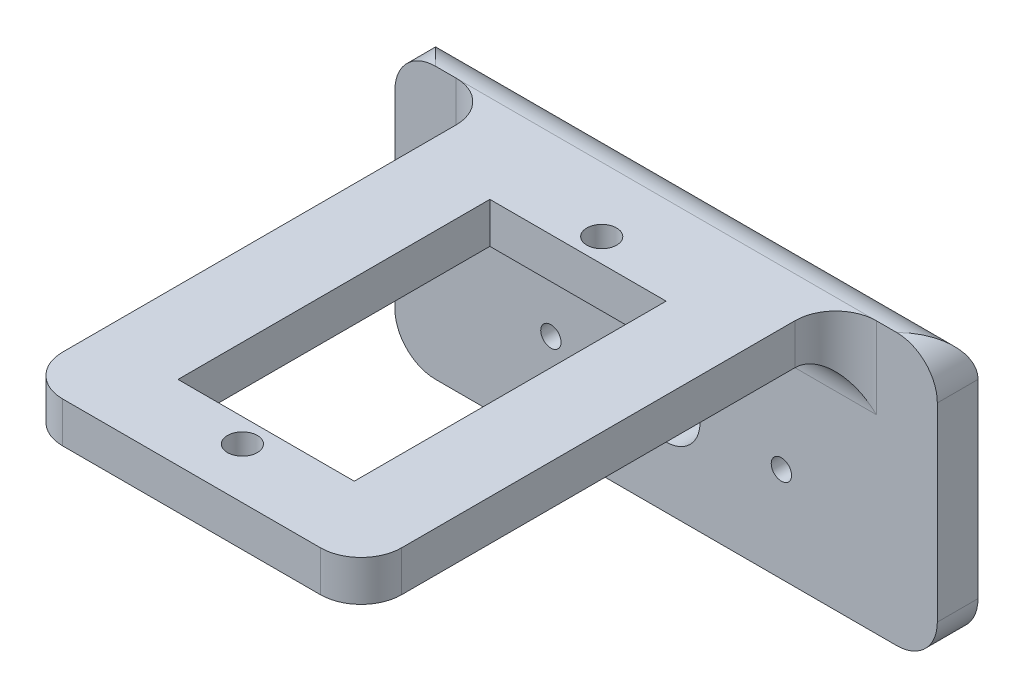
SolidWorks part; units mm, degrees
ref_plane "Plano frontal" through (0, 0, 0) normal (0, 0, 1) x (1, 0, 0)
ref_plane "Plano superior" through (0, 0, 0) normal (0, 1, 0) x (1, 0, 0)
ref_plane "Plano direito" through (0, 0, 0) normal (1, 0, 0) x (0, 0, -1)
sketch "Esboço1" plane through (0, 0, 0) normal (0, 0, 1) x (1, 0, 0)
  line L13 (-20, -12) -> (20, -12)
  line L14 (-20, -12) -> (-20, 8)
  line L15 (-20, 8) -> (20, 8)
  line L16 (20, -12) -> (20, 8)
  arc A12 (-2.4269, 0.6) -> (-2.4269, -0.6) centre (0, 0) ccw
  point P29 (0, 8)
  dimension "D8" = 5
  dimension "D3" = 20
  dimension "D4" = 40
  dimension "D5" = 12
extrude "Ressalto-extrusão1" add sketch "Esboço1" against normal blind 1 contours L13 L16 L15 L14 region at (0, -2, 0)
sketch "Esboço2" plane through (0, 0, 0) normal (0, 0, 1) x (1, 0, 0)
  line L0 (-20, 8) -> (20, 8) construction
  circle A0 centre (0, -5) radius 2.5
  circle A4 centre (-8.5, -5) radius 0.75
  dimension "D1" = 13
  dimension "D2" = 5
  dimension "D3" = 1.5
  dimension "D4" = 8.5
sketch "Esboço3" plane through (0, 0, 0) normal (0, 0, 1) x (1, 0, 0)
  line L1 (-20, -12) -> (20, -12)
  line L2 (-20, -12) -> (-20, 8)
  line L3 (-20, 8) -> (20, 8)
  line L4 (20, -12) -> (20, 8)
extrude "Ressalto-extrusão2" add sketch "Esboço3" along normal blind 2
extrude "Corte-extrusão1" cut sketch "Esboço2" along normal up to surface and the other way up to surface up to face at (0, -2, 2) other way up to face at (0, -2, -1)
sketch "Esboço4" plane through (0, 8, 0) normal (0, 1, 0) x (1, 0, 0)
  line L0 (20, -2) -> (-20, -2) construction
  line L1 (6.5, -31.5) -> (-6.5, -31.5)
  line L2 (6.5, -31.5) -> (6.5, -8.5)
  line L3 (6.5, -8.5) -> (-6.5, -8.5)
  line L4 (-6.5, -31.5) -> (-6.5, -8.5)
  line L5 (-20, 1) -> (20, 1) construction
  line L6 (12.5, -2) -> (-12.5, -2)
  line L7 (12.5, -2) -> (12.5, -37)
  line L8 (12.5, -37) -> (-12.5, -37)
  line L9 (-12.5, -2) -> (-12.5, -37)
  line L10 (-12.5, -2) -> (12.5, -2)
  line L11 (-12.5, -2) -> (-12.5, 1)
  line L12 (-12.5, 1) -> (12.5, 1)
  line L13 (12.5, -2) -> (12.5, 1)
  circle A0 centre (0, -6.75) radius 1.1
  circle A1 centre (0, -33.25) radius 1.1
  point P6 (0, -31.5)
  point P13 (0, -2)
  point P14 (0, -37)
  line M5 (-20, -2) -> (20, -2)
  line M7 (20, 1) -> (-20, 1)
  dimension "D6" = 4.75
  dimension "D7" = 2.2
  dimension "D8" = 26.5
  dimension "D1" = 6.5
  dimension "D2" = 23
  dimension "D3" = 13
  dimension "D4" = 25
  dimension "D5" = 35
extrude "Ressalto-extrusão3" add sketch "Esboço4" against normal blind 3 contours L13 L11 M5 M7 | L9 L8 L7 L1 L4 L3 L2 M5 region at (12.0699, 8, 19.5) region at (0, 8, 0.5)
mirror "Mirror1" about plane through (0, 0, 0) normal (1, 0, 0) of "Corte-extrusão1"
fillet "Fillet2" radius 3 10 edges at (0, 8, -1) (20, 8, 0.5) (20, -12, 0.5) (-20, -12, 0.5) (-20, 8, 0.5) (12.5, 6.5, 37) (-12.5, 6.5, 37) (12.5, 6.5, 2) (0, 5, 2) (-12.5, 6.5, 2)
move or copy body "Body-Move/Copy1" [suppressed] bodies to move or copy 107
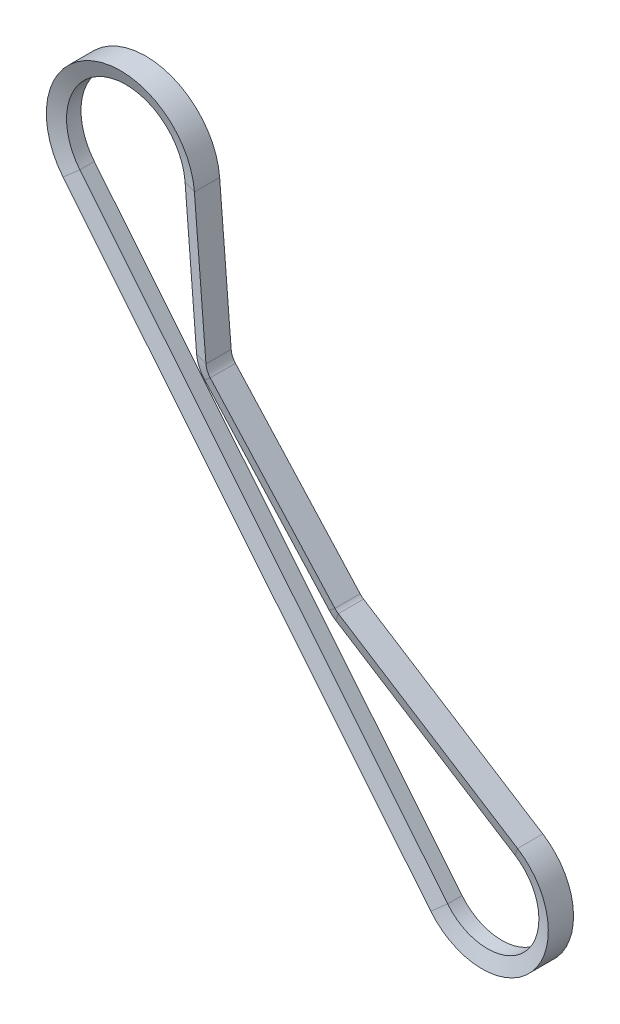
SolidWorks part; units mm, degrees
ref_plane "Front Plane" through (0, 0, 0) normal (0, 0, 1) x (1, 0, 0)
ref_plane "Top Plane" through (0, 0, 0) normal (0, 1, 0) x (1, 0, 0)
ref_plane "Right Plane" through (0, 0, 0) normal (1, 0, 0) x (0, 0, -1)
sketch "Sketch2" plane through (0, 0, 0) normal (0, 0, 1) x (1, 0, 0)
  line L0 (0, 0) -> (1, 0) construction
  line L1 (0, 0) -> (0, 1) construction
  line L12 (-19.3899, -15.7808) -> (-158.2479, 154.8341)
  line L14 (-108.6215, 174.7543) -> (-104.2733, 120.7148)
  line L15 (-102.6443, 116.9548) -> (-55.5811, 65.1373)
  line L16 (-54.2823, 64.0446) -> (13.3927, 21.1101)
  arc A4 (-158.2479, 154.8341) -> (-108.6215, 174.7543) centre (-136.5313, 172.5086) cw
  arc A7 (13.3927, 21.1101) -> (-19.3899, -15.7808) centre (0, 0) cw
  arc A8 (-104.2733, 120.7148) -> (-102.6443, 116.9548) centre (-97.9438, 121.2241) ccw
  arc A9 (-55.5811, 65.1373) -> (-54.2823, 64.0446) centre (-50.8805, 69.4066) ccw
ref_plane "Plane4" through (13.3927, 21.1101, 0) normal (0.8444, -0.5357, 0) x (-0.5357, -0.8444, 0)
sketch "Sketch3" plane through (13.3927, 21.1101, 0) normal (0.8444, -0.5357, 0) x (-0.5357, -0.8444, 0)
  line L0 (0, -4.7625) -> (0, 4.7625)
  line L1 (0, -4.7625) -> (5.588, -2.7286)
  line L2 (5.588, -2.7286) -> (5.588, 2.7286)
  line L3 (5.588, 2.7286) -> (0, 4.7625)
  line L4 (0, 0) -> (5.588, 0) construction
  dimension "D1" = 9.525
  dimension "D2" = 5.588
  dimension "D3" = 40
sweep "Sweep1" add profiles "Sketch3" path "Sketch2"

○ ○ ○ ○ ○

WHAT THE TASK REQUIRES ▸ Find each line in the listing above that contains "Ressalto", and copy that line.

RESPONSE AREA ▸
extrude "Ressalto-extrusão1" add sketch "Esboço1" against normal blind 1 contours L13 L16 L15 L14 region at (0, -2, 0)
extrude "Ressalto-extrusão2" add sketch "Esboço3" along normal blind 2
extrude "Ressalto-extrusão3" add sketch "Esboço4" against normal blind 3 contours L13 L11 M5 M7 | L9 L8 L7 L1 L4 L3 L2 M5 region at (12.0699, 8, 19.5) region at (0, 8, 0.5)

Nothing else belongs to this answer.